Definition 1. [51] Let P and Q be two SVNSs in the universe of discourse $\hat{U} = {x_{1}, x_{2}, . . ., x_{n}},$ and $P = {x_{i}, T_{P} (x_{i}), I_{P} (x_{i}), F_{P} (x_{i}) | x_{i} \in \hat{U}}$ and $Q = {x_{i}, T_{Q} (x_{i}), I_{Q} (x_{i}), F_{Q} (x_{i}) | x_{i} \in \hat{U}}$ . Then, the similarity measure of two SVNSs P and Q was defined by Majumdar and Samanta as follows:

$ρ_{MS} (P, Q) = \frac{\sum_{i = 1}^{n} (\begin{matrix} \min (T_{P} (x_{i}), T_{Q} (x_{i})) \\ + \min (I_{P} (x_{i}), I_{Q} (x_{i})) \\ + \min (F_{P} (x_{i}), F_{Q} (x_{i})) \end{matrix})}{\sum_{i = 1}^{n} (\begin{matrix} \max (T_{P} (x_{i}), T_{Q} (x_{i})) \\ + \max (I_{P} (x_{i}), I_{Q} (x_{i})) \\ + \max (F_{P} (x_{i}), F_{Q} (x_{i})) \end{matrix})} .$ (1)

Definition 2. [67]. Let $\tilde{L} = {{\tilde{l}}_{0}, {\tilde{l}}_{1}, . . ., {\tilde{l}}_{τ}}$ is a linguistic term set with odd cardinality τ+1. If $g = < {\tilde{l}}_{T}, {\tilde{l}}_{I}, {\tilde{l}}_{F} >$ is defined for ${\tilde{l}}_{T}, {\tilde{l}}_{I}, {\tilde{l}}_{F} \in L$ and T, I, F ∈ [0, τ] by linguistic terms, where ${\tilde{l}}_{T}$ represents the truth degree, ${\tilde{l}}_{I}$ represents indeterminacy degree, and ${\tilde{l}}_{F}$ represents falsity degree, then g is calleda LNN.

3 Correlation coefficients between LNNs

In this section, three new correlation coefficients between LNNs are proposed as extensions of Majumdar and Samanta’s similarity measure [51].
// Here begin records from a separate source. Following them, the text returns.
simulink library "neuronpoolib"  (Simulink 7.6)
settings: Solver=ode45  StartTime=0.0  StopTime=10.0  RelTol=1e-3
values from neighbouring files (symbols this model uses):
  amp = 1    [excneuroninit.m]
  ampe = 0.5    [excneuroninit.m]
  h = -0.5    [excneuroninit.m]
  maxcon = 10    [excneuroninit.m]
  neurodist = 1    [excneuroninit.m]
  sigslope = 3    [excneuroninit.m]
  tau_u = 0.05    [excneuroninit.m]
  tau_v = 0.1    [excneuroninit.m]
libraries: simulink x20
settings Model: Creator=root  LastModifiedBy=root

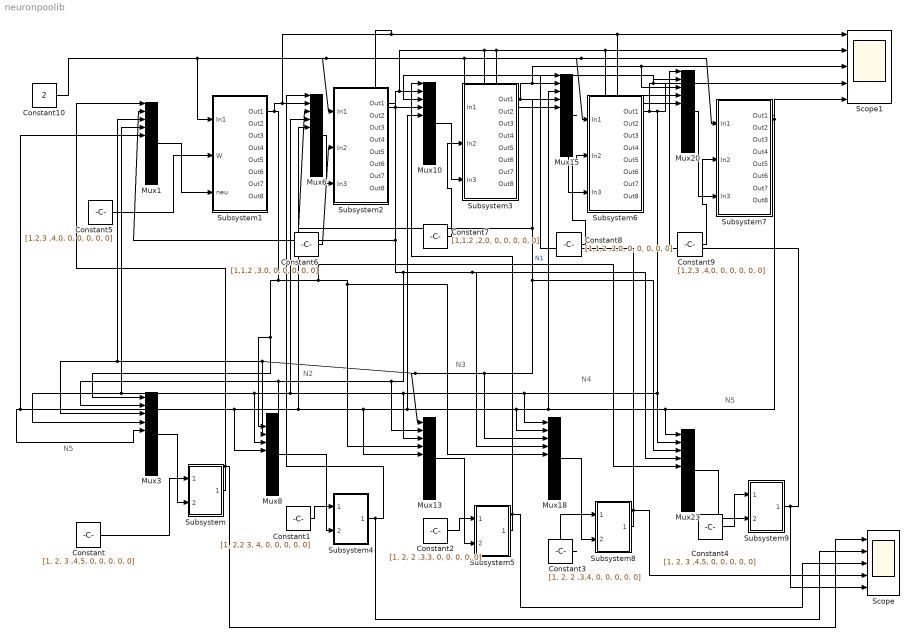
== system neuronpoolib ==
  note: N5
  note: N5
  note: N4
  note: N3
  note: N2
  Constant : Constant  Value=[1, 2, 3 ,4,5, 0, 0, 0, 0, 0]
  Constant1 : Constant  Value=[1, 2,2 3, 4, 0, 0, 0, 0, 0]
  Constant10 : Constant  Value=2
  Constant2 : Constant  Value=[1, 2, 2 ,3,3, 0, 0, 0, 0, 0]
  Constant3 : Constant  Value=[1, 2, 2 ,3,4, 0, 0, 0, 0, 0]
  Constant4 : Constant  Value=[1, 2, 3 ,4,5, 0, 0, 0, 0, 0]
  Constant5 : Constant  Value=[1,2,3 ,4,0, 0, 0, 0, 0, 0]
  Constant6 : Constant  Value=[1,1,2 ,3,0, 0, 0, 0, 0, 0]
  Constant7 : Constant  Value=[1,1,2 ,2,0, 0, 0, 0, 0, 0]
  Constant8 : Constant  Value=[1,1,2 ,3,0, 0, 0, 0, 0, 0]
  Constant9 : Constant  Value=[1,2,3 ,4,0, 0, 0, 0, 0, 0]
  Mux{1,6,10,15,20} (5 alike) : Mux  Inputs=11
  Mux{3,8,13,18,23} (5 alike) : Mux  Inputs=10
  Scope : Scope  NumInputPorts=5
      settings: YMin=-5~-5~-5~-5~-5  YMax=5~5~5~5~5
  Scope1 : Scope  NumInputPorts=5
      settings: YMin=-5~-5~-5~-5~-5  YMax=5~5~5~5~5
  Subsystem : Subsystem
  Subsystem1 : Subsystem
  Subsystem2 : Subsystem
  Subsystem3 : Subsystem
  Subsystem4 : Subsystem
  Subsystem5 : Subsystem
  Subsystem6 : Subsystem
  Subsystem7 : Subsystem
  Subsystem8 : Subsystem
  Subsystem9 : Subsystem
  wires:
  Subsystem1/1(Out1) -> Mux6/2, Mux10/4, Scope1/1, Mux20/5, Mux3/1, Mux8/2, Mux13/4, Mux18/5, Mux23/5  "N1"
  Subsystem2/1(Out1) -> Mux10/2, Mux15/4, Scope1/2, Mux20/4, Mux15/5, Mux3/2, Mux8/1, Mux13/2, Mux18/4, Mux23/4, Mux1/2
  Subsystem3/1(Out1) -> Mux8/3, Mux3/3, Mux1/3, Mux13/1, Mux18/3, Mux23/3, Mux6/3, Mux15/2, Scope1/3, Mux20/3
  Subsystem6/1(Out1) -> Mux18/1, Mux13/3, Mux8/4, Mux3/4, Mux1/4, Mux6/4, Mux23/2, Mux10/3, Mux20/2, Scope1/4
  Subsystem7/1(Out1) -> Mux23/1, Mux18/2, Mux13/5, Mux8/5, Mux3/5, Mux1/5, Mux6/5, Mux10/5, Mux15/3, Scope1/5
  Mux3/1 -> Subsystem/2(port2)
  Mux8/1 -> Subsystem4/2(port2)
  Mux13/1 -> Subsystem5/2(port2)
  Mux18/1 -> Subsystem8/2(port2)
  Mux23/1 -> Subsystem9/2(port2)
  Constant10/1 -> Subsystem2/1(In1), Subsystem7/1(In1), Subsystem6/1(In1), Subsystem3/1(In1), Subsystem1/1(In1)
  Subsystem/1(Out2) -> Mux1/1, Scope/1
  Subsystem4/1(Out2) -> Mux6/1, Scope/2
  Subsystem5/1(Out2) -> Mux10/1, Scope/3
  Subsystem8/1(Out2) -> Mux15/1, Scope/4
  Subsystem9/1(Out2) -> Mux20/1, Scope/5
  Mux1/1 -> Subsystem1/3(neu)
  Mux6/1 -> Subsystem2/3(In3)
  Mux10/1 -> Subsystem3/3(In3)
  Mux15/1 -> Subsystem6/3(In3)
  Mux20/1 -> Subsystem7/3(In3)
  Constant/1 -> Subsystem/1(port1)
  Constant1/1 -> Subsystem4/1(port1)
  ? -> ?
  Constant2/1 -> Subsystem5/1(port1)
  Constant3/1 -> Subsystem8/1(port1)
  Constant4/1 -> Subsystem9/1(port1)
  Constant5/1 -> Subsystem1/2(W)
  Constant6/1 -> Subsystem2/2(In2)
  Constant7/1 -> Subsystem3/2(In2)
  Constant8/1 -> Subsystem6/2(In2)
  Constant9/1 -> Subsystem7/2(In2)

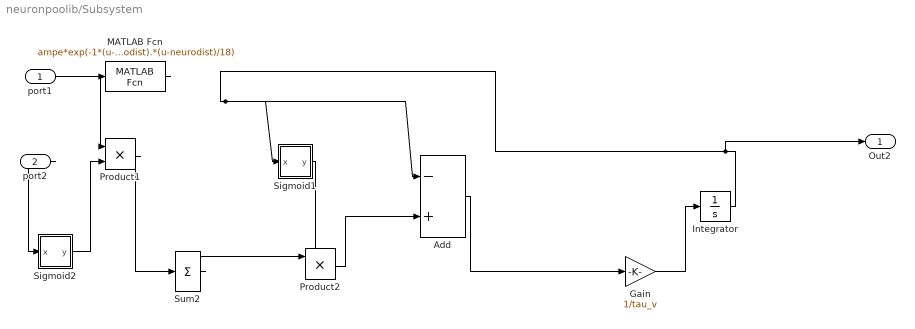
== system neuronpoolib/Subsystem ==
  port1 : Inport
  port2 : Inport  Port=2
  Add : Sum  Inputs=-+
  Gain : Gain  Gain=1/tau_v
  Integrator : Integrator  InitialCondition=1
  MATLAB Fcn : MATLABFcn  MATLABFcn=ampe*exp(-1*(u-neurodist).*(u-neurodist)/18)  OutputDimensions=maxcon
  Product1 : Product  RndMeth=Zero
  Product2 : Product  RndMeth=Zero
  Sigmoid1 : Subsystem  TreatAsAtomicUnit=on  mask{slope=sigslope, offset=0.5}
      mask help: Created by Han, Cheol
      mask Display: plot([10 15 20 25 30 35 40 45 50], [0 0.01 0.1 0.2 0.5 0.8 0.9 0.99 1])
  Sigmoid2 : Subsystem  TreatAsAtomicUnit=on  mask{slope=sigslope, offset=0.5}
      mask help: Created by Han, Cheol
      mask Display: plot([10 15 20 25 30 35 40 45 50], [0 0.01 0.1 0.2 0.5 0.8 0.9 0.99 1])
  Sum2 : Sum  Inputs=+  SaturateOnIntegerOverflow=on
  Out2 : Outport
  wires:
  Add/1 -> Gain/1
  Gain/1 -> Integrator/1
  Integrator/1 -> Add/1, Sigmoid1/1(x), Out2/1
  MATLAB Fcn/1 -> Product1/1
  Sigmoid2/1(y) -> Product1/2
  Product1/1 -> Sum2/1
  Sum2/1 -> Product2/1
  Sigmoid1/1(y) -> Product2/2
  port1/1 -> MATLAB Fcn/1
  port2/1 -> Sigmoid2/1(x)
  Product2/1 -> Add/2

Definition 4. Given the linguistic term set $\tilde{L} = {{\tilde{l}}_{0}, {\tilde{l}}_{1}, . . ., {\tilde{l}}_{τ}}$ with odd cardinality τ+1. If P = {p₁, p₂,. . . , p_n} and Q = {q_1, q₂,. . . , q_n} are two sets of LNNs, where $p_{j} = 〈 {\tilde{l}}_{T_{p_{j}}}, {\tilde{l}}_{I_{p_{j}}}, {\tilde{l}}_{F_{p_{j}}} 〉 and q_{j} = 〈 {\tilde{l}}_{T_{q_{j}}}, {\tilde{l}}_{I_{q_{j}}}, {\tilde{l}}_{F_{q_{j}}} 〉$ are two LNNs with ${\tilde{l}}_{T_{p_{j}}}, {\tilde{l}}_{I_{p_{j}}}, {\tilde{l}}_{F_{p_{j}}}, {\tilde{l}}_{T_{q_{j}}}, {\tilde{l}}_{I_{q_{j}}}, {\tilde{l}}_{F_{q_{j}}} \in \tilde{L}$ and $f ({\tilde{i}}_{j}) = j$ is a linguistic scale function for $T_{p_{j}}, I_{p_{j}}, F_{p_{j}}, T_{q_{j}}, I_{q_{j}}, F_{q_{j}} \in [0, τ]$ and j = 1, 2,. . . , n . Then, three correlation coefficients between P and Q are proposed as follows:

$\begin{matrix} ρ_{1} (P, Q) \\ = \frac{1}{n} \sum_{j = 1}^{n} \frac{(\begin{matrix} min (f ({\tilde{l}}_{T_{p_{j}}}), f ({\tilde{l}}_{T_{q_{j}}})) + min (f ({\tilde{l}}_{I_{p_{j}}}), \\ f ({\tilde{l}}_{I_{q_{j}}})) + min (f ({\tilde{l}}_{F_{p_{j}}}), f ({\tilde{l}}_{F_{q_{j}}})) \end{matrix})}{(\begin{matrix} \sqrt{f ({\tilde{l}}_{T_{p_{j}}}) f ({\tilde{l}}_{T_{q_{j}}})} + \sqrt{f ({\tilde{l}}_{I_{p_{j}}}) f ({\tilde{l}}_{I_{q_{j}}})} \\ + \sqrt{f ({\tilde{l}}_{F_{p_{j}}}) f ({\tilde{l}}_{F_{p_{j}}})} \end{matrix})} \\ = \frac{1}{n} \sum_{j = 1}^{n} \frac{(\begin{matrix} min (T_{p_{j}}, T_{q_{j}}) + min (I_{p_{j}}, I_{q_{j}}) \\ + min (F_{p_{j}}, F_{q_{j}}) \end{matrix})}{(\begin{matrix} \sqrt{T_{p_{j}} T_{q_{j}}} + \sqrt{I_{p_{j}} I_{q_{j}}} \\ + \sqrt{F_{p_{j}} F_{q_{j}}} \end{matrix})} \end{matrix}$ (2)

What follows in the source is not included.